Well-written analysis of the structural problems of the university (hat tip More or Less Bunk, who has a very different reaction). It almost made me thinking switching to admin is a terrible career move. It’s long, but a couple of excerpts:

Traditional universities are complex and expensive, providing a range of services from scientific research and graduate training to mass entertainment via loosely affiliated professional sports franchises. To fund these things, universities tap numerous streams of revenue: tuition, government funding, research grants, alumni and charitable donations. But the biggest cash cow is lower-division undergraduate education. Because introductory courses are cheap to offer, they’re enormously profitable. The math is simple: Add standard tuition rates and any government subsidies, and multiply that by several hundred freshmen in a big lecture hall. Subtract the cost of paying a beleaguered adjunct lecturer or graduate student to teach the course. There’s a lot left over. That money is used to subsidize everything else.

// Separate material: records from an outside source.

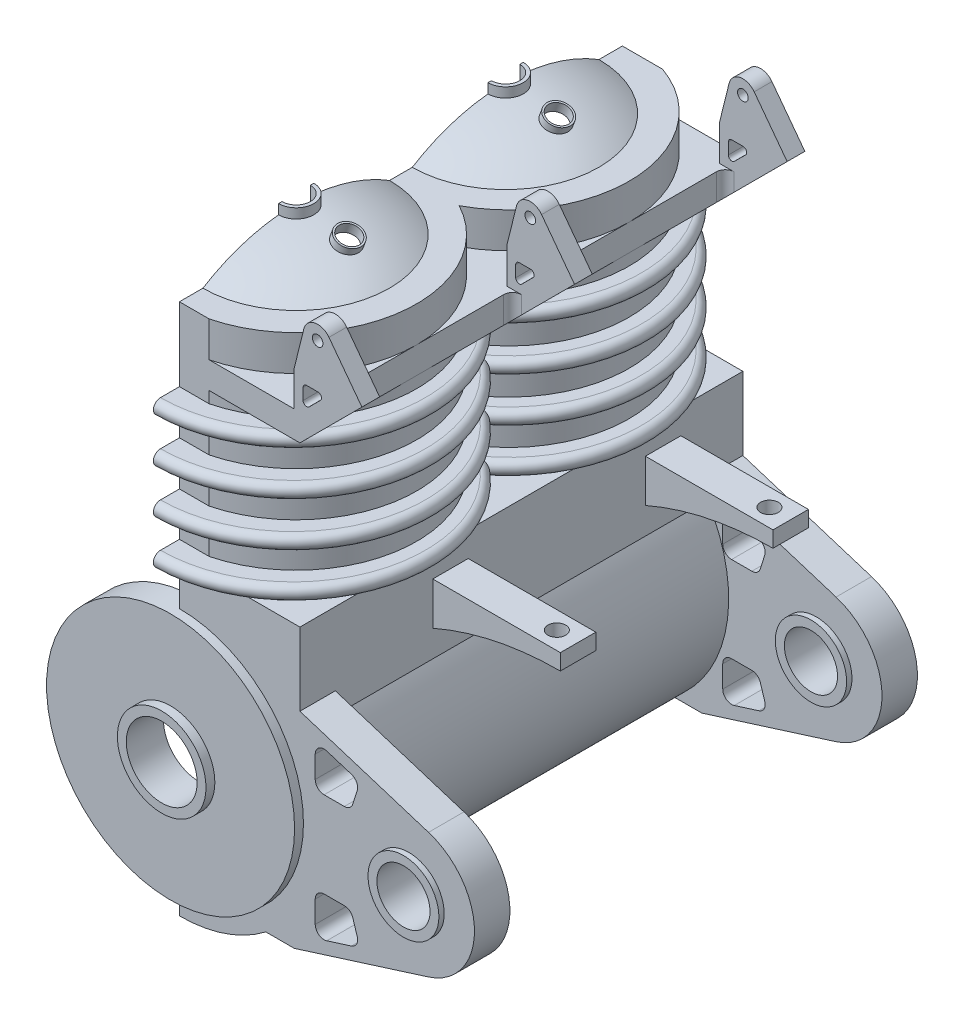
from build123d import *

# Parameters (mm, degrees)
BOSS_EXTRUDE1_DEPTH       = 25
SKETCH2_R                 = 5
CUT_EXTRUDE1_DEPTH        = 20
SKETCH3_R                 = 7
CUT_EXTRUDE2_DEPTH        = 30
CUT_EXTRUDE3_DEPTH        = 9
REVOLVE1_ANGLE            = 156
BOSS_EXTRUDE2_START       = -1
SKETCH12_R                = 7.014347074
SKETCH12_R_2              = 2.5
BOSS_EXTRUDE2_DEPTH       = 1.5
BOSS_EXTRUDE3_DEPTH       = 0.5
BOSS_EXTRUDE3_DEPTH_BACK  = 1
SKETCH13_R                = 7
SKETCH13_R_2              = 2.5
LPATTERN2_COUNT           = 2
LPATTERN2_PITCH           = 12
BOSS_EXTRUDE4_START       = -1.6
SKETCH14_R                = 2.5
SKETCH14_R_2              = 2
BOSS_EXTRUDE4_DEPTH       = 2.1
LPATTERN3_START           = 11.22
LPATTERN3_OUTLINE_R       = 2.5
LPATTERN3_OUTLINE_R_2     = 2
LPATTERN3_DEPTH           = 2.1
BOSS_EXTRUDE5_DEPTH       = 0.5
BOSS_EXTRUDE5_DEPTH_BACK  = 1.6
SKETCH15_R                = 2.5
SKETCH15_R_2              = 2
BOSS_EXTRUDE6_DEPTH       = 2
SKETCH19_R                = 2.013
BOSS_EXTRUDE7_DEPTH       = 2.5
SKETCH20_R                = 2.013
CUT_EXTRUDE4_DEPTH        = 0.5
BOSS_EXTRUDE8_DEPTH       = 0.3
BOSS_EXTRUDE8_DEPTH_BACK  = 2.3
SKETCH21_R                = 2.013
SKETCH21_R_2              = 1.5
SKETCH28_R                = 2
SKETCH28_R_2              = 1.5
BOSS_EXTRUDE11_DEPTH      = 2
BOSS_EXTRUDE12_DEPTH      = 0.3
BOSS_EXTRUDE12_DEPTH_BACK = 2.3
SKETCH29_R                = 2
SKETCH29_R_2              = 1.5
CUT_EXTRUDE5_DEPTH        = 46.64090579
REVOLVE8_ANGLE            = 180
SKETCH35_R                = 0.995
CUT_EXTRUDE6_DEPTH        = 44.820794491
BOSS_EXTRUDE13_START      = 1.2
BOSS_EXTRUDE13_DEPTH      = 0.8
SKETCH37_R                = 0.6
CUT_EXTRUDE7_DEPTH        = 45.150983873
SKETCH39_R                = 0.3
BOSS_EXTRUDE14_DEPTH      = 1
LPATTERN5_COUNT           = 3
LPATTERN5_PITCH           = 12
FILLET1_R                 = 0.5
BOSS_EXTRUDE15_START      = -5.5
BOSS_EXTRUDE15_DEPTH      = 2
LPATTERN6_COUNT           = 2
LPATTERN6_PITCH           = 12
SKETCH41_R                = 0.5
CUT_EXTRUDE8_DEPTH        = 36.761935487
SKETCH42_W                = 5.181283797
SKETCH42_H                = 2.590641898
CUT_EXTRUDE9_DEPTH        = 48.091084211
SKETCH43_R                = 0.3
BOSS_EXTRUDE16_DEPTH      = 1
LPATTERN8_COUNT           = 3
LPATTERN8_PITCH           = 12
EXTRUDE_THIN1_START       = 1.9
SKETCH37_3_R              = 0.7
SKETCH37_3_R_2            = 0.6
EXTRUDE_THIN1_DEPTH       = 0.5


with BuildPart() as part:
    # Sketch1 → Boss-Extrude1 (new body)
    with BuildSketch(Plane.XY):
        with BuildLine():
            Line((-4.029439646, 30.619482599), (-10.829439646, 30.619482599))
            Line((-10.829439646, 30.619482599), (-10.829439646, 2.599482599))
            ThreePointArc((-10.829439646, 2.599482599), (-3.839658104, 6.708087734), (-4.029439646, 14.8137441))
            Line((-4.029439646, 14.8137441), (-4.029439646, 30.619482599))
        make_face()
    extrude(amount=BOSS_EXTRUDE1_DEPTH)

    # Sketch2 → Cut-Extrude1 (cut)
    with BuildSketch(Plane(origin=(0, 30.619482599, 0), x_dir=(1, 0, 0), z_dir=(0, 1, 0))):
        with Locations((-10.829439646, -6.41)):
            Circle(SKETCH2_R)
        with Locations((-10.829439646, -18.41)):
            Circle(SKETCH2_R)
    extrude(amount=-CUT_EXTRUDE1_DEPTH, mode=Mode.SUBTRACT)

    # Sketch3 → Cut-Extrude2 (cut)
    with BuildSketch(Plane.XY.offset(25)):
        with Locations((-10.829439646, 10.619482599)):
            Circle(SKETCH3_R)
    extrude(amount=-CUT_EXTRUDE2_DEPTH, mode=Mode.SUBTRACT)

    # Sketch6 → Cut-Extrude3 (cut)
    with BuildSketch(Plane(origin=(0, 29.119482599, 0), x_dir=(1, 0, 0), z_dir=(0, 1, 0))):
        with BuildLine():
            Line((-10.829439646, -25.21), (-1.630694435, -25.21))
            Line((-1.630694435, -25.21), (-1.630694435, 0.39))
            Line((-1.630694435, 0.39), (-10.829439646, 0.39))
            ThreePointArc((-10.829439646, 0.39), (-4.232470645, -4.76075775), (-7.629439646, -12.41))
            ThreePointArc((-7.629439646, -12.41), (-4.232470645, -20.05924225), (-10.829439646, -25.21))
        make_face()
    extrude(amount=-CUT_EXTRUDE3_DEPTH, mode=Mode.SUBTRACT)

    # Sketch7 → Revolve1 (revolve)
    with BuildSketch(Plane.ZY.offset(10.829439646)):
        Polygon((0.175, 19.769482599), (0.68, 19.769482599), (0.68, 29.769482599), (0.175, 29.769482599), (0.175, 28.469482599), (0, 28.469482599), (0, 27.669482599), (0.175, 27.669482599), (0.175, 25.969482599), (0, 25.969482599), (0, 25.169482599), (0.175, 25.169482599), (0.175, 23.469482599), (0, 23.469482599), (0, 22.669482599), (0.175, 22.669482599), (0.175, 21.008109805), (0, 21.008109805), (0, 20.208109805), (0.175, 20.208109805), align=None)
        with BuildLine():
            Line((-1.07, 22.669482599), (0, 22.669482599))
            Line((0, 22.669482599), (0, 23.469482599))
            Line((0, 23.469482599), (-1.07, 23.469482599))
            ThreePointArc((-1.07, 23.469482599), (-1.47, 23.069482599), (-1.07, 22.669482599))
        make_face()
        with BuildLine():
            Line((-1.07, 20.208109805), (0, 20.208109805))
            Line((0, 20.208109805), (0, 21.008109805))
            Line((0, 21.008109805), (-1.07, 21.008109805))
            ThreePointArc((-1.07, 21.008109805), (-1.47, 20.608109805), (-1.07, 20.208109805))
        make_face()
        with BuildLine():
            Line((0, 25.169482599), (0, 25.969482599))
            Line((0, 25.969482599), (-1.07, 25.969482599))
            ThreePointArc((-1.07, 25.969482599), (-1.47, 25.569482599), (-1.07, 25.169482599))
            Line((-1.07, 25.169482599), (0, 25.169482599))
        make_face()
        with BuildLine():
            Line((0, 27.669482599), (0, 28.469482599))
            Line((0, 28.469482599), (-1.07, 28.469482599))
            ThreePointArc((-1.07, 28.469482599), (-1.47, 28.069482599), (-1.07, 27.669482599))
            Line((-1.07, 27.669482599), (0, 27.669482599))
        make_face()
    revolve1 = revolve(axis=Axis((-10.829439646, 30.619482599, 6.41), (0, -1, 0)), revolution_arc=REVOLVE1_ANGLE)

    # Mirror1: Revolve1 across plane
    add(revolve1.mirror(Plane.XY.offset(12.5)))

    # Sketch13 → Boss-Extrude3 (add, two sides: drawn at the far end of the back side and taken through both)
    with BuildSketch(Plane.XY.offset(25).offset(-BOSS_EXTRUDE3_DEPTH_BACK)):
        with Locations((-10.829439646, 10.619482599)):
            Circle(SKETCH13_R)
        with Locations(Location((-10.829439646, 10.619482599, 0), (0, 0, 180))):
            Circle(SKETCH13_R_2, mode=Mode.SUBTRACT)
    extrude(amount=BOSS_EXTRUDE3_DEPTH + BOSS_EXTRUDE3_DEPTH_BACK)


with BuildPart() as body_2:
    # Sketch12 → Boss-Extrude2 (new body)
    with BuildSketch(Plane(origin=(0, 0, 0), x_dir=(-1, 0, 0), z_dir=(0, 0, -1)).offset(BOSS_EXTRUDE2_START)):
        with Locations((10.829439646, 10.619482599)):
            Circle(SKETCH12_R)
        with Locations((10.829439646, 10.619482599)):
            Circle(SKETCH12_R_2, mode=Mode.SUBTRACT)
    boss_extrude2 = extrude(amount=BOSS_EXTRUDE2_DEPTH)


    add(part.part)  # Boss-Extrude4 merges part
    # Sketch14 → Boss-Extrude4 (add)
    with BuildSketch(Plane(origin=(0, 0, -0.5), x_dir=(-1, 0, 0), z_dir=(0, 0, -1)).offset(BOSS_EXTRUDE4_START)):
        with Locations((10.829439646, 10.619482599)):
            Circle(SKETCH14_R)
        with Locations((10.829439646, 10.619482599)):
            Circle(SKETCH14_R_2, mode=Mode.SUBTRACT)
    extrude(amount=BOSS_EXTRUDE4_DEPTH)


with BuildPart() as lpattern2_1:
    # LPattern2: Boss-Extrude2 ×2
    with Locations(*[(0, 0, i * LPATTERN2_PITCH) for i in range(1, LPATTERN2_COUNT)]):
        add(boss_extrude2)


    add(body_2.part)  # LPattern3 merges body 2
    # LPattern3: read off the stored shape, not the designer's step
    # LPattern3 outline → LPattern3 (add)
    with BuildSketch(Plane.XY.offset(LPATTERN3_START)):
        with Locations((-10.829439646, 10.619482599)):
            Circle(LPATTERN3_OUTLINE_R)
        with Locations((-10.829439646, 10.619482599)):
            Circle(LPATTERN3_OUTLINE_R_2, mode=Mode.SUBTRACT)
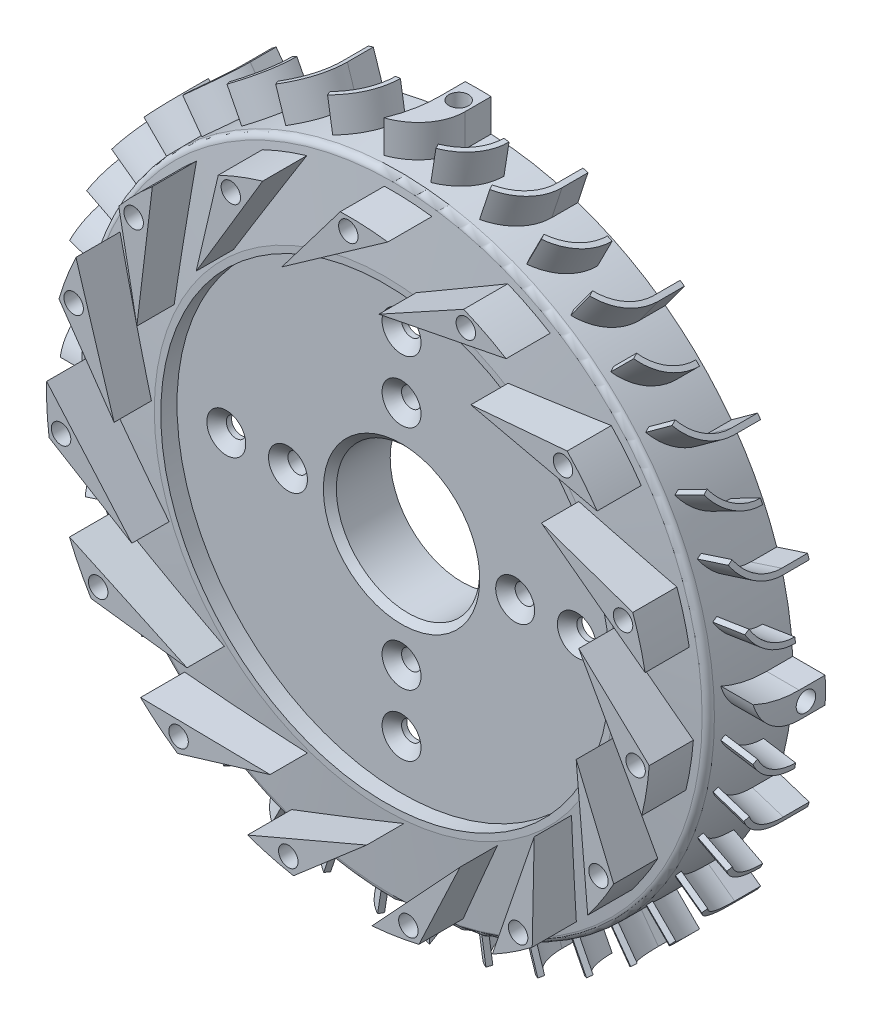
from build123d import *

# Parameters (mm, degrees)
ESQUISSE2_R                               = 1.5
ENL_V_MAT_EXTRU_1_DEPTH                   = 70.596982693
CHANFREIN1_SIZE                           = 1.5
R_P_TITION_CIRCULAIRE1_COUNT              = 4
CHANFREIN1_OF_R_P_TITION_CIRCULAIRE1_SIZE = 1.5
BOSS_EXTRU_1_START                        = -6.687597
BOSS_EXTRU_1_DEPTH                        = 6.687597
R_P_TITION_CIRCULAIRE3_COUNT              = 40
BOSS_EXTRU_2_REACH                        = 125.798
BOSS_EXTRU_2_END_RADIUS                   = 48.5
ESQUISSE5_R                               = 1.25
ENL_V_MAT_EXTRU_2_DEPTH                   = 10
R_P_TITION_CIRCULAIRE4_COUNT              = 4
BOSS_EXTRU_3_REACH                        = 82.312
ESQUISSE7_R                               = 1.5
ENL_V_MAT_EXTRU_3_DEPTH                   = 81.311892183
CIRPATTERN2_COUNT                         = 15
CIRPATTERN3_COUNT                         = 15
CHANFREIN2_SIZE                           = 1
ENL_V_MAT_EXTRU_5_DEPTH                   = 4
R_P_TITION_CIRCULAIRE6_COUNT              = 20
SKETCH5_R                                 = 13
SKETCH5_R_2                               = 11.05
BOSS_EXTRUDE6_DEPTH                       = 5
CUT_EXTRUDE1_START                        = -11
SKETCH6_R                                 = 1.5
CUT_EXTRUDE1_DEPTH                        = 135.812317787
CIRPATTERN4_COUNT                         = 4
SKETCH7_R                                 = 59.802166594
SKETCH7_R_2                               = 53.5
CUT_EXTRUDE2_DEPTH                        = 80.085333816


with BuildPart() as part:
    # Esquisse1 → Base-Révolution (revolve)
    with BuildSketch(Plane(origin=(0, 0, 0), x_dir=(0, 0, -1), z_dir=(1, 0, 0)), mode=Mode.PRIVATE) as base_r_volution_sk:
        with BuildLine():
            Line((2.204289799, 48.5), (14.3, 48.5))
            Line((14.3, 48.5), (14.3, 47.5))
            Line((14.3, 47.5), (13.8, 47.5))
            ThreePointArc((13.8, 47.5), (4.838275836, 42.340678547), (4.8, 32))
            Line((4.8, 32), (4.8, 21.5))
            ThreePointArc((4.8, 21.5), (5.239339828, 20.439339828), (6.3, 20))
            Line((6.3, 20), (6.8, 20))
            Line((6.8, 20), (6.8, 11.05))
            Line((6.8, 11.05), (2.5, 11.05))
            Line((2.5, 11.05), (2.5, 34.6))
            Line((2.5, 34.6), (0, 34.6))
            Line((0, 34.6), (0, 35.6))
            Line((0, 35.6), (1.209329267, 47.60026734))
            ThreePointArc((1.209329267, 47.60026734), (1.533569045, 48.241709964), (2.204289799, 48.5))
        make_face()
    revolve(base_r_volution_sk.sketch.rotate(Axis((0, 0, 62.438946015), (0, 0, -1)), 90), axis=Axis((0, 0, 62.438946015), (0, 0, -1)))

    # Esquisse2 → Enlèv. mat.-Extru.1 (cut, through all)
    with BuildSketch(Plane.XY.offset(-2.5)):
        with Locations((0, 27)):
            Circle(ESQUISSE2_R)
        with Locations((0, 17.5)):
            Circle(ESQUISSE2_R)
    enl_v_mat_extru_1 = extrude(amount=-ENL_V_MAT_EXTRU_1_DEPTH, mode=Mode.SUBTRACT)

    # Chanfrein1
    chanfrein1_edges = [part.edges().sort_by_distance(p)[0] for p in [
        (-1.5, 27, -2.5),
        (-1.5, 17.5, -2.5),
    ]]
    chamfer(chanfrein1_edges, length=CHANFREIN1_SIZE)

    # Répétition circulaire1: Enlèv. mat.-Extru.1 ×4 about axis
    r_p_tition_circulaire1_axis = Axis((0, 0, 0), (0, 0, 1))
    for i in range(1, R_P_TITION_CIRCULAIRE1_COUNT):
        add(enl_v_mat_extru_1.rotate(r_p_tition_circulaire1_axis, i * 360 / R_P_TITION_CIRCULAIRE1_COUNT), mode=Mode.SUBTRACT)

    # Chanfrein1 of Répétition circulaire1
    chanfrein1_of_r_p_tition_circulaire1_edges = [part.edges().sort_by_distance(p)[0] for p in [
        (-27, -1.5, -2.5),
        (-17.5, -1.5, -2.5),
        (1.5, -27, -2.5),
        (1.5, -17.5, -2.5),
        (27, 1.5, -2.5),
        (17.5, 1.5, -2.5),
    ]]
    chamfer(chanfrein1_of_r_p_tition_circulaire1_edges, length=CHANFREIN1_OF_R_P_TITION_CIRCULAIRE1_SIZE)

    # Esquisse3 → Boss.-Extru.1 (add)
    with BuildSketch(Plane(origin=(8.603895577, -54.322858733, 0), x_dir=(0.9876883405951378, 0.15643446504023126, 0), z_dir=(0.15643446504023126, -0.9876883405951378, 0)).offset(BOSS_EXTRU_1_START)):
        with BuildLine():
            Line((-0.4, -14.3), (-0.4, -10.3))
            ThreePointArc((-0.4, -10.3), (0.760859498, -6.19238512), (3.9, -3.3))
            Line((3.9, -3.3), (4.261653578, -4.013587198))
            ThreePointArc((4.261653578, -4.013587198), (1.442520287, -6.611119605), (0.4, -10.3))
            Line((0.4, -10.3), (0.4, -14.3))
            Line((0.4, -14.3), (-0.4, -14.3))
        make_face()
    boss_extru_1 = extrude(amount=BOSS_EXTRU_1_DEPTH)

    # Répétition circulaire3: Boss.-Extru.1 ×40 about axis, 4 skipped
    r_p_tition_circulaire3_axis = Axis((0, 0, 62.438946015), (0, 0, -1))
    add([boss_extru_1.rotate(r_p_tition_circulaire3_axis, i * 360 / R_P_TITION_CIRCULAIRE3_COUNT) for i in range(1, R_P_TITION_CIRCULAIRE3_COUNT) if i not in (1, 11, 21, 31)])

    # Boss.-Extru.2: up to this cylinder (the profile starts outside it)
    boss_extru_2_end = Plane(origin=(0, 0, -9.485263), z_dir=(0, 0, 1)) * Cylinder(BOSS_EXTRU_2_END_RADIUS, 349.596, mode=Mode.PRIVATE)
    # Esquisse4 → Boss.-Extru.2 (add, up to the surface)
    with BuildSketch(Plane(origin=(0, 55, 0), x_dir=(-1, 0, 0), z_dir=(0, 1, 0)), mode=Mode.PRIVATE) as boss_extru_2_sk1:
        with BuildLine():
            Line((-2, -14.3), (-2, -10.3))
            ThreePointArc((-2, -10.3), (-0.460520759, -5.848876546), (3.5, -3.3))
            ThreePointArc((3.5, -3.3), (2.37920876, -6.720544734), (2, -10.3))
            Line((2, -10.3), (2, -14.3))
            Line((2, -14.3), (-2, -14.3))
        make_face()
    boss_extru_2_tool1 = extrude(boss_extru_2_sk1.sketch, amount=-BOSS_EXTRU_2_REACH, mode=Mode.PRIVATE) - boss_extru_2_end
    boss_extru_2 = boss_extru_2_tool1.solids().sort_by_distance((-0.374446, 55, -9.485263))[0]
    add(boss_extru_2)

    # Esquisse5 → Enlèv. mat.-Extru.2 (cut)
    with BuildSketch(Plane(origin=(0, 55, 0), x_dir=(-1, 0, 0), z_dir=(0, 1, 0))):
        with Locations(Location((0, -11.3, 0), (0, 0, 90))):
            Circle(ESQUISSE5_R)
    enl_v_mat_extru_2 = extrude(amount=-ENL_V_MAT_EXTRU_2_DEPTH, mode=Mode.SUBTRACT)

    # Répétition circulaire4: Boss.-Extru.2, Enlèv. mat.-Extru.2 ×4 about axis
    r_p_tition_circulaire4_axis = Axis((0, 0, 0), (0, 0, 1))
    add([boss_extru_2.rotate(r_p_tition_circulaire4_axis, i * 360 / R_P_TITION_CIRCULAIRE4_COUNT) for i in range(1, R_P_TITION_CIRCULAIRE4_COUNT)])
    add([enl_v_mat_extru_2.rotate(r_p_tition_circulaire4_axis, i * 360 / R_P_TITION_CIRCULAIRE4_COUNT) for i in range(1, R_P_TITION_CIRCULAIRE4_COUNT)], mode=Mode.SUBTRACT)

    # Boss.-Extru.3: up to this cone (the profile starts outside it)
    boss_extru_3_end = Plane(origin=(0, 0, 5.7), z_dir=(0, 0, -1)).offset(2.112404101) * Cone(9.923e-06, 800.788307692, 80.699595899, align=(Align.CENTER, Align.CENTER, Align.MIN), mode=Mode.PRIVATE)
    # Esquisse6 → Boss.-Extru.3 (add, up to the surface)
    with BuildSketch(Plane(origin=(0, 0, 5.7), x_dir=(-1, 0, 0), z_dir=(0, 0, -1)), mode=Mode.PRIVATE) as boss_extru_3_sk1:
        with BuildLine():
            Line((10.245181122, 34.615693894), (1.243096781, 46.483381013))
            ThreePointArc((1.243096781, 46.483381013), (-2.42591451, 46.436676655), (-6.079820198, 46.100821971))
            Line((-6.079820198, 46.100821971), (10.245181122, 34.615693894))
        make_face()
    boss_extru_3_tool1 = extrude(boss_extru_3_sk1.sketch, amount=BOSS_EXTRU_3_REACH, mode=Mode.PRIVATE) - boss_extru_3_end
    boss_extru_3 = boss_extru_3_tool1.solids().sort_by_distance((-1.737641, 42.460912, 5.7))[0]
    add(boss_extru_3)

    # Esquisse7 → Enlèv. mat.-Extru.3 (cut, through all)
    with BuildSketch(Plane.XY.offset(5.7)):
        with Locations((0, 44.5)):
            Circle(ESQUISSE7_R)
    enl_v_mat_extru_3 = extrude(amount=-ENL_V_MAT_EXTRU_3_DEPTH, mode=Mode.SUBTRACT)

    # CirPattern2: Boss.-Extru.3 ×15 about axis
    cirpattern2_axis = Axis((0, 0, 0), (0, 0, 1))
    for i in range(1, CIRPATTERN2_COUNT):
        add(boss_extru_3.rotate(cirpattern2_axis, i * 360 / CIRPATTERN2_COUNT))

    # CirPattern3: Enlèv. mat.-Extru.3 ×15 about axis
    cirpattern3_axis = Axis((0, 0, 0), (0, 0, 1))
    for i in range(1, CIRPATTERN3_COUNT):
        add(enl_v_mat_extru_3.rotate(cirpattern3_axis, i * 360 / CIRPATTERN3_COUNT), mode=Mode.SUBTRACT)

    # Chanfrein2
    chanfrein2_edges = [part.edges().sort_by_distance(p)[0] for p in [
        (-11.05, 0, -2.5),
    ]]
    chamfer(chanfrein2_edges, length=CHANFREIN2_SIZE)

    # Esquisse10 → Enlèv. mat.-Extru.5 (cut)
    with BuildSketch(Plane(origin=(0, 0, -14.3), x_dir=(-1, 0, 0), z_dir=(0, 0, -1))):
        with BuildLine():
            Line((-8.926509186, 47.671453027), (-10.145134519, 54.179443902))
            Line((-10.145134519, 54.179443902), (-6.795643287, 54.806638216))
            Line((-6.795643287, 54.806638216), (-5.554956732, 48.180830791))
            ThreePointArc((-5.554956732, 48.180830791), (-7.245210847, 47.95578088), (-8.926509186, 47.671453027))
        make_face()
    enl_v_mat_extru_5 = extrude(amount=-ENL_V_MAT_EXTRU_5_DEPTH, mode=Mode.SUBTRACT)

    # Répétition circulaire6: Enlèv. mat.-Extru.5 ×20 about axis
    r_p_tition_circulaire6_axis = Axis((0, 0, 62.438946015), (0, 0, -1))
    for i in range(1, R_P_TITION_CIRCULAIRE6_COUNT):
        add(enl_v_mat_extru_5.rotate(r_p_tition_circulaire6_axis, i * 360 / R_P_TITION_CIRCULAIRE6_COUNT), mode=Mode.SUBTRACT)

    # Sketch5 → Boss-Extrude6 (add)
    with BuildSketch(Plane(origin=(0, 0, -6.8), x_dir=(-1, 0, 0), z_dir=(0, 0, -1))):
        with Locations(Location((0, 0, 0), (0, 0, 180))):
            Circle(SKETCH5_R)
        Circle(SKETCH5_R_2, mode=Mode.SUBTRACT)
    extrude(amount=BOSS_EXTRUDE6_DEPTH)

    # Sketch6 → Cut-Extrude1 (cut)
    with BuildSketch(Plane(origin=(0, 55, 0), x_dir=(1, 0, 0), z_dir=(0, 1, 0)).offset(CUT_EXTRUDE1_START)):
        with Locations(Location((0, 11.3, 0), (0, 0, 136.398375484))):
            Circle(SKETCH6_R)
    cut_extrude1 = extrude(amount=CUT_EXTRUDE1_DEPTH, mode=Mode.SUBTRACT)

    # CirPattern4: Cut-Extrude1 ×4 about axis
    cirpattern4_axis = Axis((0, 0, -3.5), (0, 0, -1))
    for i in range(1, CIRPATTERN4_COUNT):
        add(cut_extrude1.rotate(cirpattern4_axis, i * 360 / CIRPATTERN4_COUNT), mode=Mode.SUBTRACT)

    # Sketch7 → Cut-Extrude2 (cut, through all)
    with BuildSketch(Plane.XY):
        Circle(SKETCH7_R)
        Circle(SKETCH7_R_2, mode=Mode.SUBTRACT)
    extrude(amount=-CUT_EXTRUDE2_DEPTH, mode=Mode.SUBTRACT)


solid = part.part

But this arrangement, however beneficial to society as a whole, is not a particularly good deal for the freshman gutting through an excruciating fifty minutes in the back of a lecture hall.

Just as the world needs the foreign bureaus that newspapers are rapidly shutting down, it needs quirky small university presses, Mughal textile historians, and people who are paid to think deep, economically unproductive thoughts. Rather than hiding within the conglomerate, each unbundled part of the university will have to find new ways to stand alone.